As a discrete analog of the MO question, "Löwner-John Ellipsoid: incribed and circumscribed," I've been wondering what might be the maximum ratio of this quantity? Let $P$ be a convex polygon of $n$ vertices, $P^+$ be a minimum area polygon of $n{-}1$ vertices circumscribing $P$, and $P^-$ a maximum area polygon of $n{-}1$ vertices inscribed in $P$.

Over all polygons $P$ of $n$ vertices, what is the maximum of the ratio area$(P^+)/$area$(P^-)$, as a function of $n \ge 4$?

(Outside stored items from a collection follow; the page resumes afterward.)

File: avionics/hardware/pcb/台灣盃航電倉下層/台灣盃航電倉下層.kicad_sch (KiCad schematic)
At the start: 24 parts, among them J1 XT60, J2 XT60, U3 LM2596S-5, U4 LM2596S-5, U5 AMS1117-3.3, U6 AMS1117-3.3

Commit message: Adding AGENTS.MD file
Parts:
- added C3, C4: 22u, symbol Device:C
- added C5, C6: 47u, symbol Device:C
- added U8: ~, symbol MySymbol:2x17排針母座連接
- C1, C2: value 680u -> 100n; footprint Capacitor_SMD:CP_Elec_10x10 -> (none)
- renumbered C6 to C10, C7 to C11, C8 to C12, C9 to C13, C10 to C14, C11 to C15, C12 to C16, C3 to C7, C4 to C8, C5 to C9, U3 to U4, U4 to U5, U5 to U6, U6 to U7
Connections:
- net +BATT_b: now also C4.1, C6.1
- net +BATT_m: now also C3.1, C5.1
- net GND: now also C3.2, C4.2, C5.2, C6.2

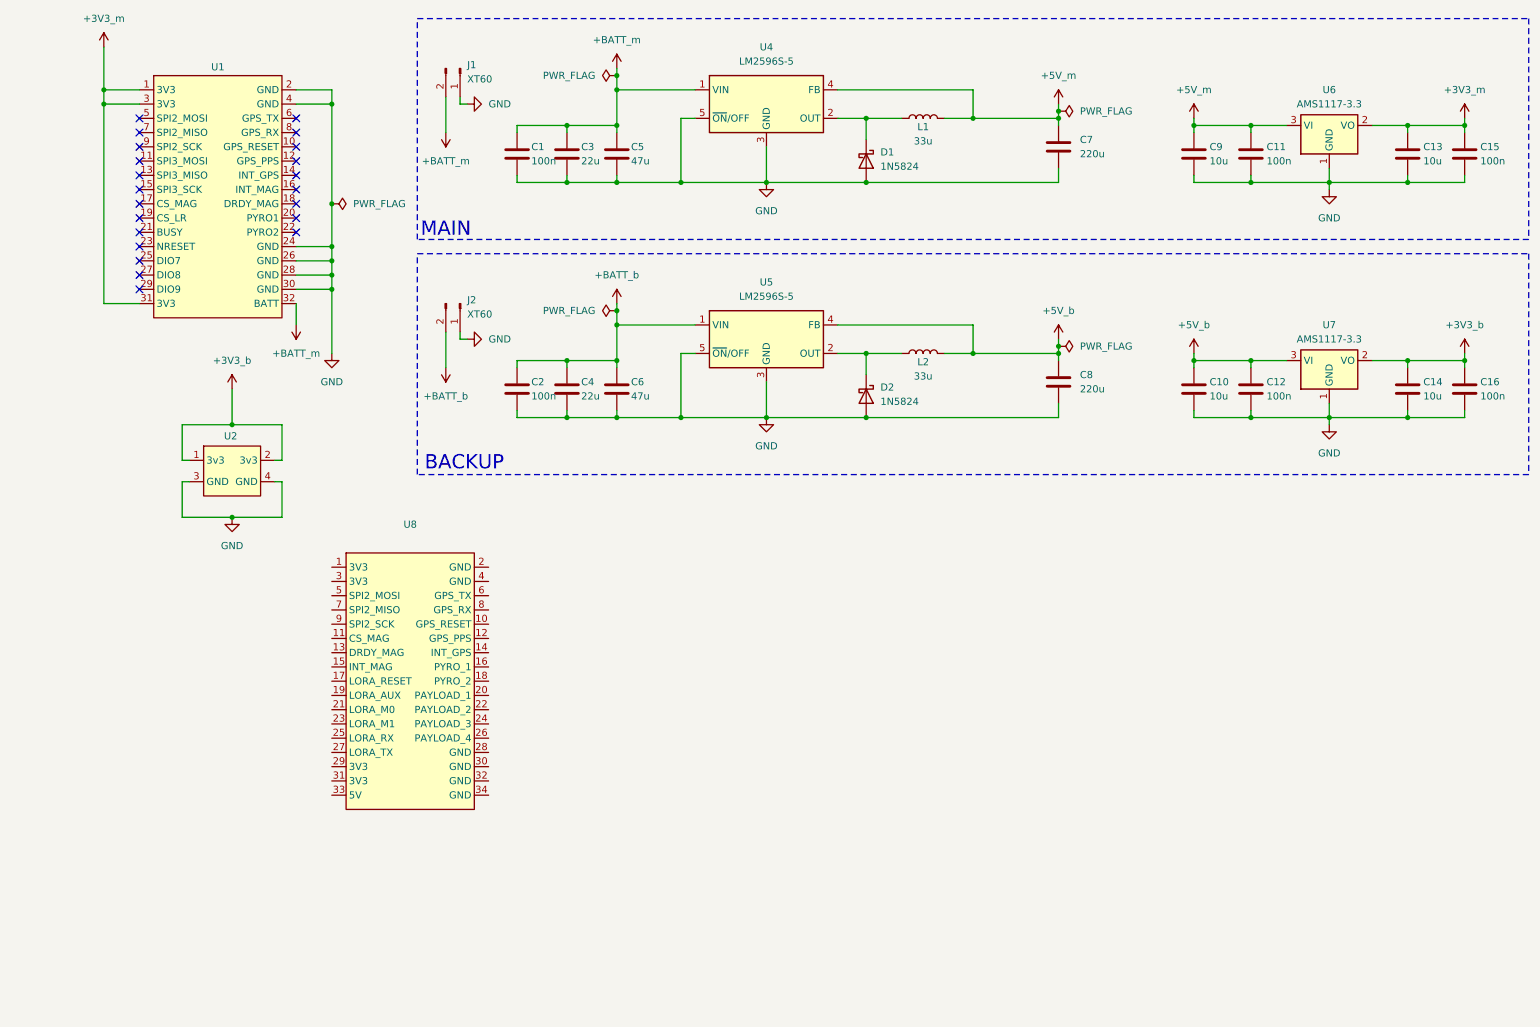
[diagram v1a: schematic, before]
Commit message: 更新下層PCB原理圖
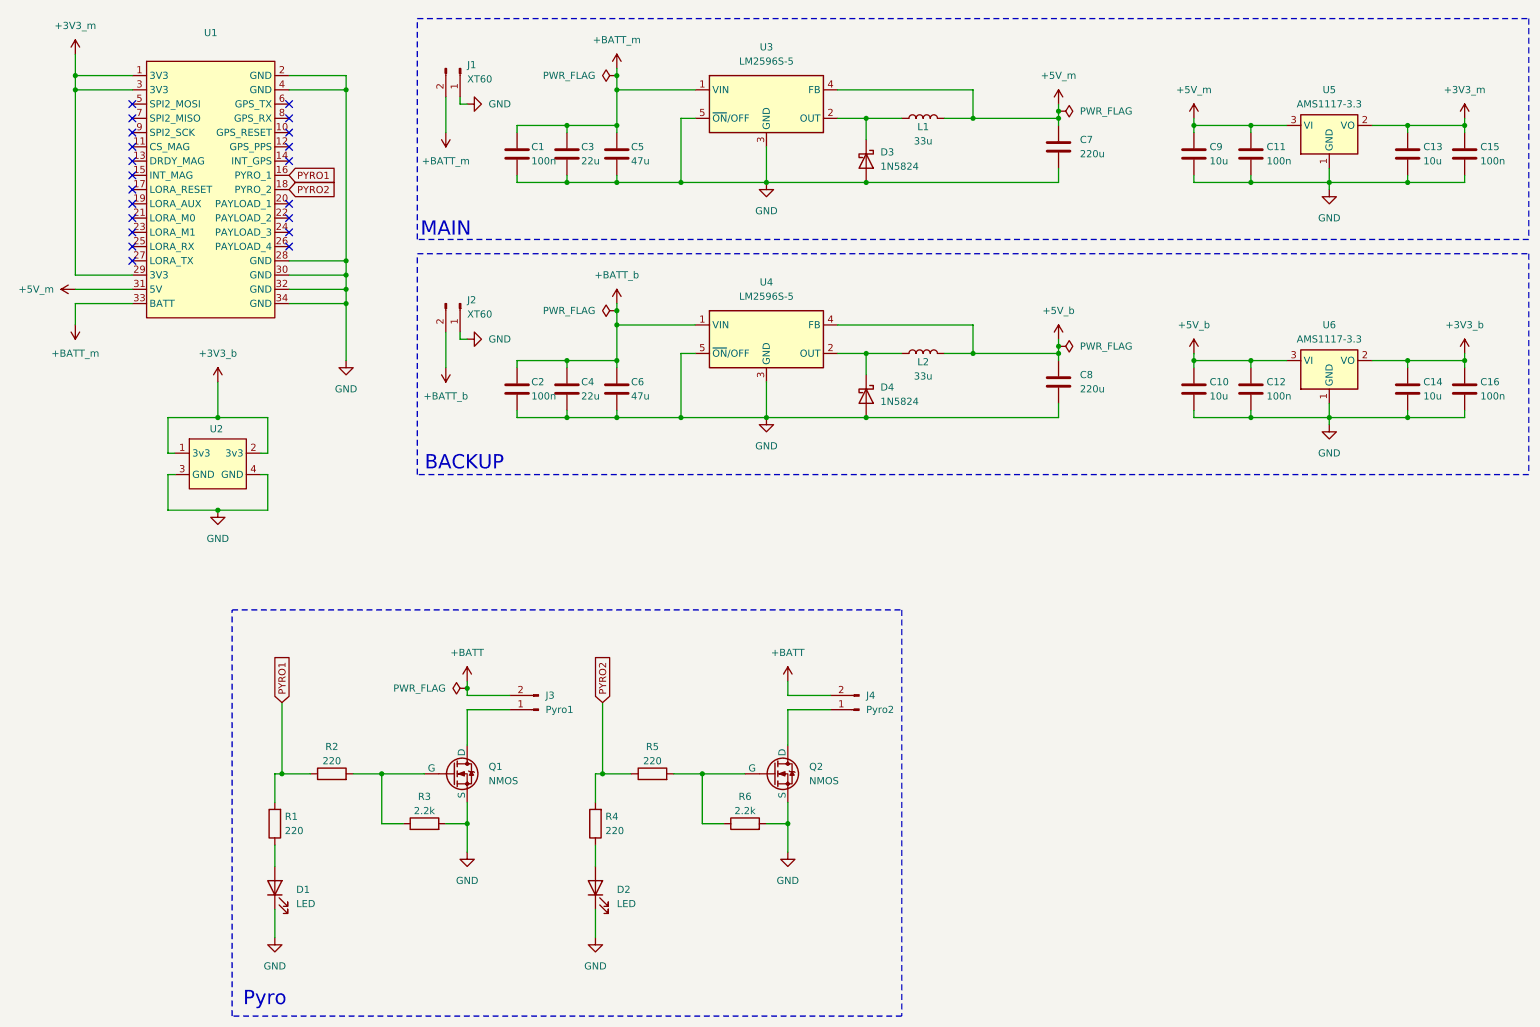
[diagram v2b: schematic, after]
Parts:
- removed U1: ~, symbol MySymbol:2x16排針母座連接
- removed U8: ~, symbol MySymbol:2x17排針母座連接
- added D1, D2: LED, LED_SMD:LED_0805_2012Metric, symbol Device:LED
- added J3: Pyro1, Connector_JST:JST_XH_B2B-XH-A_1x02_P2.50mm_Vertical, symbol Connector:Conn_01x02_Pin
- added J4: Pyro2, Connector_JST:JST_XH_B2B-XH-A_1x02_P2.50mm_Vertical, symbol Connector:Conn_01x02_Pin
- added Q1, Q2: NMOS, Package_TO_SOT_SMD:SOT-223, symbol Simulation_SPICE:NMOS
- added R1, R2, R4, R5: 220, Resistor_SMD:R_0805_2012Metric, symbol Device:R
- added R3, R6: 2.2k, Resistor_SMD:R_0805_2012Metric, symbol Device:R
- added U1: ~, symbol MySymbol:2x17排針母座連接
- renumbered D1 to D3, D2 to D4, U4 to U3, U5 to U4, U6 to U5, U7 to U6
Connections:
- net +3V3_m: now also U1.1 (3V3), U1.29 (3V3), U1.3 (3V3)
- net +5V_m: now also U1.31 (5V)
- net +BATT_m: now also U1.33 (BATT)
- net GND: now also D1.1 (K), D2.1 (K), Q1.3 (S), Q2.3 (S), R3.2, R6.2, U1.2 (GND), U1.28 (GND), U1.30 (GND), U1.32 (GND), U1.34 (GND), U1.4 (GND)
- new net: Q1.2 (G), R2.2, R3.1
- new net: J4.1 (Pin_1), Q2.1 (D)
- new net: D2.2 (A), R4.1
- new net: J3.1 (Pin_1), Q1.1 (D)
- new net: D1.2 (A), R1.1
- new net: Q2.2 (G), R5.2, R6.1
- new net +BATT: J3.2 (Pin_2), J4.2 (Pin_2)
- new net PYRO1: R1.2, R2.1, U1.16 (PYRO_1)
- new net PYRO2: R4.2, R5.1, U1.18 (PYRO_2)
- no-connect marks 22 -> 21
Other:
- note added: "Pyro"
- moved on the sheet: U2
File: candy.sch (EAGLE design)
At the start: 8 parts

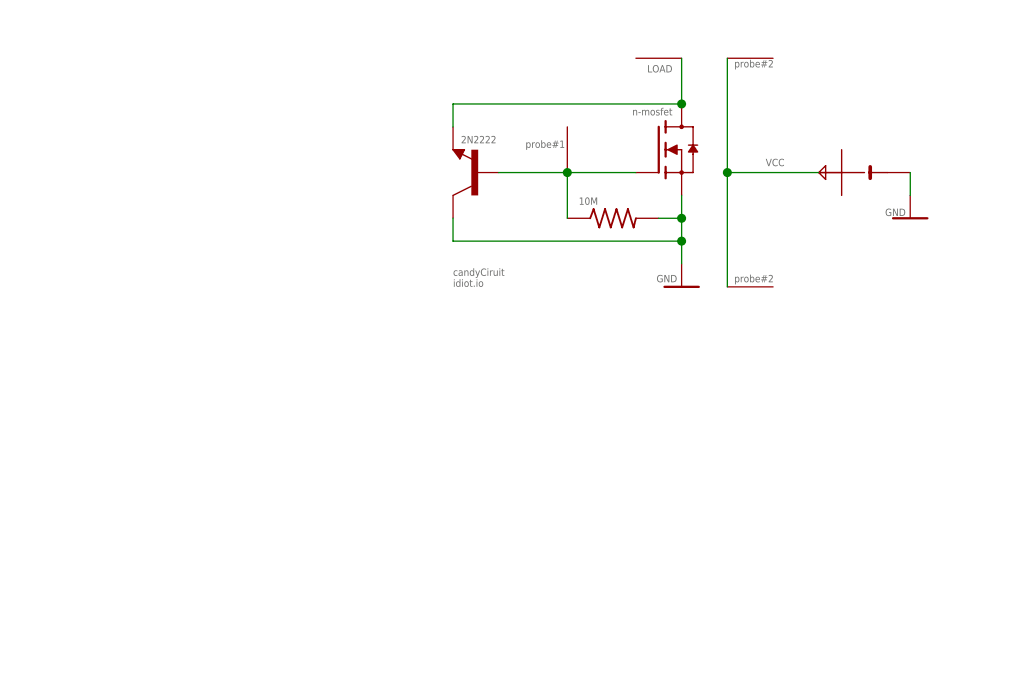
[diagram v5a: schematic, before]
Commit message: removed frame
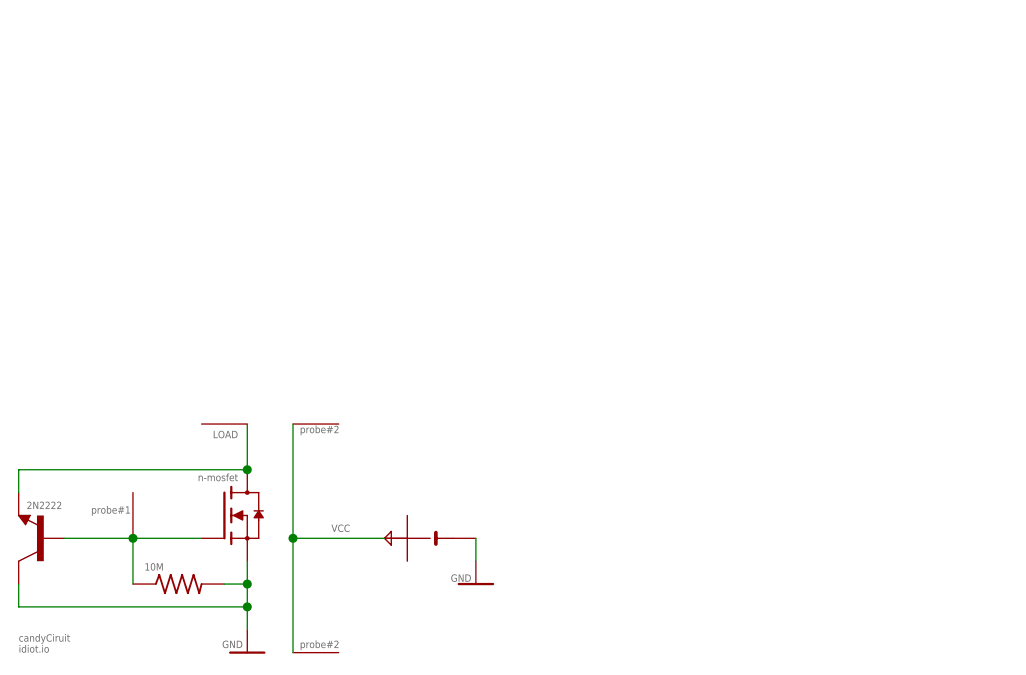
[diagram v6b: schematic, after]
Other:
- moved on the sheet: 10M, 2N2222

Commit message: stick on front
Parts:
- removed 2N2222: (no value), TinyTony_ShenzenReady:2N2222-NPN-TO92-EBC
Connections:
- net GND: no longer 2N2222.C
- net LOAD: no longer 2N2222.E
- net N$1: no longer 2N2222.B
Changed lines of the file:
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@@
 <?xml version="1.0" encoding="utf-8"?>
 <!DOCTYPE eagle SYSTEM "eagle.dtd">
-<eagle version="8.7.0">
+<eagle version="9.0.1">
 <drawing>
 <settings>
@@
 <grid distance="0.1" unitdist="inch" unit="inch" style="lines" multiple="1" display="no" altdistance="0.01" altunitdist="inch" altunit="inch"/>
 <layers>
-<layer number="1" name="Top" color="4" fill="1" visible="no" active="no"/>
-<layer number="16" name="Bottom" color="1" fill="1" visible="no" active="no"/>
-<layer number="17" name="Pads" color="2" fill="1" visible="no" active="no"/>
-<layer number="18" name="Vias" color="2" fill="1" visible="no" active="no"/>
-<layer number="19" name="Unrouted" color="6" fill="1" visible="no" active="no"/>
-<layer number="20" name="Dimension" color="24" fill="1" visible="no" active="no"/>
-<layer number="21" name="tPlace" color="7" fill="1" visible="no" active="no"/>
-<layer number="22" name="bPlace" color="7" fill="1" visible="no" active="no"/>
-<layer number="23" name="tOrigins" color="15" fill="1" visible="no" active="no"/>
-<layer number="24" name="bOrigins" color="15" fill="1" visible="no" active="no"/>
-<layer number="25" name="tNames" color="7" fill="1" visible="no" active="no"/>
-<layer number="26" name="bNames" color="7" fill="1" visible="no" active="no"/>
-<layer number="27" name="tValues" color="7" fill="1" visible="no" active="no"/>
-<layer number="28" name="bValues" color="7" fill="1" visible="no" active="no"/>
+<layer number="1" name="Top" color="4" fill="1" visible="yes" active="no"/>
+<layer number="16" name="Bottom" color="1" fill="1" visible="yes" active="no"/>
+<layer number="17" name="Pads" color="2" fill="1" visible="yes" active="no"/>
+<layer number="18" name="Vias" color="2" fill="1" visible="yes" active="no"/>
+<layer number="19" name="Unrouted" color="6" fill="1" visible="yes" active="no"/>
+<layer number="20" name="Dimension" color="24" fill="1" visible="yes" active="no"/>
+<layer number="21" name="tPlace" color="7" fill="1" visible="yes" active="no"/>
+<layer number="22" name="bPlace" color="7" fill="1" visible="yes" active="no"/>
+<layer number="23" name="tOrigins" color="15" fill="1" visible="yes" active="no"/>
+<layer number="24" name="bOrigins" color="15" fill="1" visible="yes" active="no"/>
+<layer number="25" name="tNames" color="7" fill="1" visible="yes" active="no"/>
+<layer number="26" name="bNames" color="7" fill="1" visible="yes" active="no"/>
+<layer number="27" name="tValues" color="7" fill="1" visible="yes" active="no"/>
+<layer number="28" name="bValues" color="7" fill="1" visible="yes" active="no"/>
 <layer number="29" name="tStop" color="7" fill="3" visible="no" active="no"/>
 <layer number="30" name="bStop" color="7" fill="6" visible="no" active="no"/>
@@
 <layer number="35" name="tGlue" color="7" fill="4" visible="no" active="no"/>
 <layer number="36" name="bGlue" color="7" fill="5" visible="no" active="no"/>
-<layer number="37" name="tTest" color="7" fill="1" visible="no" active="no"/>
-<layer number="38" name="bTest" color="7" fill="1" visible="no" active="no"/>
+<layer number="37" name="tTest" color="7" fill="1" visible="yes" active="no"/>
+<layer number="38" name="bTest" color="7" fill="1" visible="yes" active="no"/>
 <layer number="39" name="tKeepout" color="4" fill="11" visible="no" active="no"/>
 <layer number="40" name="bKeepout" color="1" fill="11" visible="no" active="no"/>
@@
 <layer number="44" name="Drills" color="7" fill="1" visible="no" active="no"/>
 <layer number="45" name="Holes" color="7" fill="1" visible="no" active="no"/>
-<layer number="46" name="Milling" color="3" fill="1" visible="no" active="no"/>
-<layer number="47" name="Measures" color="7" fill="1" visible="no" active="no"/>
-<layer number="48" name="Document" color="7" fill="1" visible="no" active="no"/>
-<layer number="49" name="Reference" color="7" fill="1" visible="no" active="no"/>
-<layer number="50" name="dxf" color="7" fill="1" visible="no" active="no"/>
-<layer number="51" name="tDocu" color="7" fill="1" visible="no" active="no"/>
-<layer number="52" name="bDocu" color="7" fill="1" visible="no" active="no"/>
-<layer number="53" name="tGND_GNDA" color="7" fill="1" visible="no" active="no"/>
-<layer number="54" name="bGND_GNDA" color="7" fill="1" visible="no" active="no"/>
-<layer number="56" name="wert" color="7" fill="1" visible="no" active="no"/>
-<layer number="57" name="tCAD" color="7" fill="1" visible="no" active="no"/>
-<layer number="59" name="tCarbon" color="7" fill="1" visible="no" active="no"/>
-<layer number="60" name="bCarbon" color="7" fill="1" visible="no" active="no"/>
+<layer number="46" name="Milling" color="3" fill="1" visible="yes" active="no"/>
+<layer number="47" name="Measures" color="7" fill="1" visible="yes" active="no"/>
+<layer number="48" name="Document" color="7" fill="1" visible="yes" active="no"/>
+<layer number="49" name="Reference" color="7" fill="1" visible="yes" active="no"/>
+<layer number="50" name="dxf" color="7" fill="1" visible="yes" active="no"/>
+<layer number="51" name="tDocu" color="7" fill="1" visible="yes" active="no"/>
+<layer number="52" name="bDocu" color="7" fill="1" visible="yes" active="no"/>
+<layer number="53" name="tGND_GNDA" color="7" fill="1" visible="yes" active="no"/>
+<layer number="54" name="bGND_GNDA" color="7" fill="1" visible="yes" active="no"/>
+<layer number="56" name="wert" color="7" fill="1" visible="yes" active="no"/>
+<layer number="57" name="tCAD" color="7" fill="1" visible="yes" active="no"/>
+<layer number="59" name="tCarbon" color="7" fill="1" visible="yes" active="no"/>
+<layer number="60" name="bCarbon" color="7" fill="1" visible="yes" active="no"/>
 <layer number="88" name="SimResults" color="9" fill="1" visible="yes" active="yes"/>
 <layer number="89" name="SimProbes" color="9" fill="1" visible="yes" active="yes"/>
@@
 <part name="U$5" library="TinyTony_ShenzenReady" deviceset="SMDPAD" device=""/>
 <part name="VCC" library="TinyTony_ShenzenReady" deviceset="SMDPAD" device=""/>
-<part name="U$7" library="TinyTony_ShenzenReady" library_urn="urn:adsk.eagle:library:2159173" deviceset="CR2032" device="LINX" package3d_urn="urn:adsk.eagle:package:2160680/2"/>
+<part name="U$7" library="TinyTony_ShenzenReady" library_urn="urn:adsk.eagle:library:2159173" deviceset="CR2032" device="LINX" package3d_urn="urn:adsk.eagle:package:2160680/3"/>
 <part name="GND1" library="TinyTony_ShenzenReady" deviceset="GND" device=""/>
 <part name="GND2" library="TinyTony_ShenzenReady" deviceset="GND" device=""/>
-<part name="2N2222" library="TinyTony_ShenzenReady" library_urn="urn:adsk.eagle:library:2159173" deviceset="*-NPN-" device="TO92-EBC" package3d_urn="urn:adsk.eagle:package:28763/2" technology="2N2222"/>
 </parts>
 <sheets>
@@
 <attribute name="VALUE" x="25.146" y="5.588" size="0.8128" layer="96"/>
 </instance>
-<instance part="2N2222" gate="G$1" x="5.08" y="17.78" smashed="yes" rot="R180">
-<attribute name="NAME" x="7.366" y="21.844" size="0.8128" layer="95" rot="R180"/>
-<attribute name="VALUE" x="15.24" y="12.7" size="1.778" layer="96" rot="R180"/>
-</instance>
 </instances>
 <busses>
@@
 <wire x1="15.24" y1="12.7" x2="15.24" y2="17.78" width="0.1524" layer="91"/>
 <junction x="15.24" y="17.78"/>
-<pinref part="2N2222" gate="G$1" pin="B"/>
-<wire x1="7.62" y1="17.78" x2="15.24" y2="17.78" width="0.1524" layer="91"/>
 </segment>
 </net>
@@
 <wire x1="27.94" y1="30.48" x2="27.94" y2="25.4" width="0.1524" layer="91"/>
 <label x="26.924" y="29.718" size="0.8128" layer="95" rot="R180"/>
-<wire x1="27.94" y1="25.4" x2="2.54" y2="25.4" width="0.1524" layer="91"/>
-<junction x="27.94" y="25.4"/>
-<pinref part="2N2222" gate="G$1" pin="E"/>
-<wire x1="2.54" y1="25.4" x2="2.54" y2="22.86" width="0.1524" layer="91"/>
 </segment>
 </net>
@@
 <junction x="27.94" y="12.7"/>
 <pinref part="GND2" gate="1" pin="GND"/>
-<wire x1="27.94" y1="12.7" x2="27.94" y2="10.16" width="0.1524" layer="91"/>
-<pinref part="2N2222" gate="G$1" pin="C"/>
-<wire x1="27.94" y1="10.16" x2="27.94" y2="7.62" width="0.1524" layer="91"/>
-<wire x1="2.54" y1="12.7" x2="2.54" y2="10.16" width="0.1524" layer="91"/>
-<wire x1="2.54" y1="10.16" x2="27.94" y2="10.16" width="0.1524" layer="91"/>
-<junction x="27.94" y="10.16"/>
+<wire x1="27.94" y1="12.7" x2="27.94" y2="7.62" width="0.1524" layer="91"/>
 </segment>
 </net>

Here are possible optimal (en/in)closures for a square and a regular pentagon:

[Some updates below.]

I believe that it is known that the circumscribing $(n{-}1)$-gon must have one
edge "flush" with $P$ (i.e., including an edge of $P$ as a subset), and
that this may be proved in a 1984 paper by
Chang and Yap
"A polynomial solution for potato-peeling problem"
(*Discrete & Computational Geometry*
Volume 1, Number 1, 155-182), which I cannot access at the moment.
This is certainly true for enclosing triangles.
I am not sure if there is any analogous characterization of inscribed $(n{-}1)$-gons.
A key result for minimum area circumscribing is by Victor Klee in 1986:
"Facet-centroids and volume minimization,"
*Studia Scientiarum Mathematicarum Hungarica*, Vol. 21, 143-147, 1986.
As the title indicates, he proved that each facet's centroid must touch $P$ (in any dimension).
The circumscribing polygons I drew above have their edge midpoints touching $P$.

For $n{=}4$, $a \times b$ rectangles have an area ratio of $(2 a b) / (a b / 2) = 4$, illustrated with the square above; perhaps this is the worst ratio over all $n$?

Any ideas would be appreciated, from a clean proof (or counterexample!) that one circumcribing edge must be flush, to any constraints on the inscribed polygons, to an answer to the ratio question, even for specific $n$, even for regular $n$-gons. Thanks!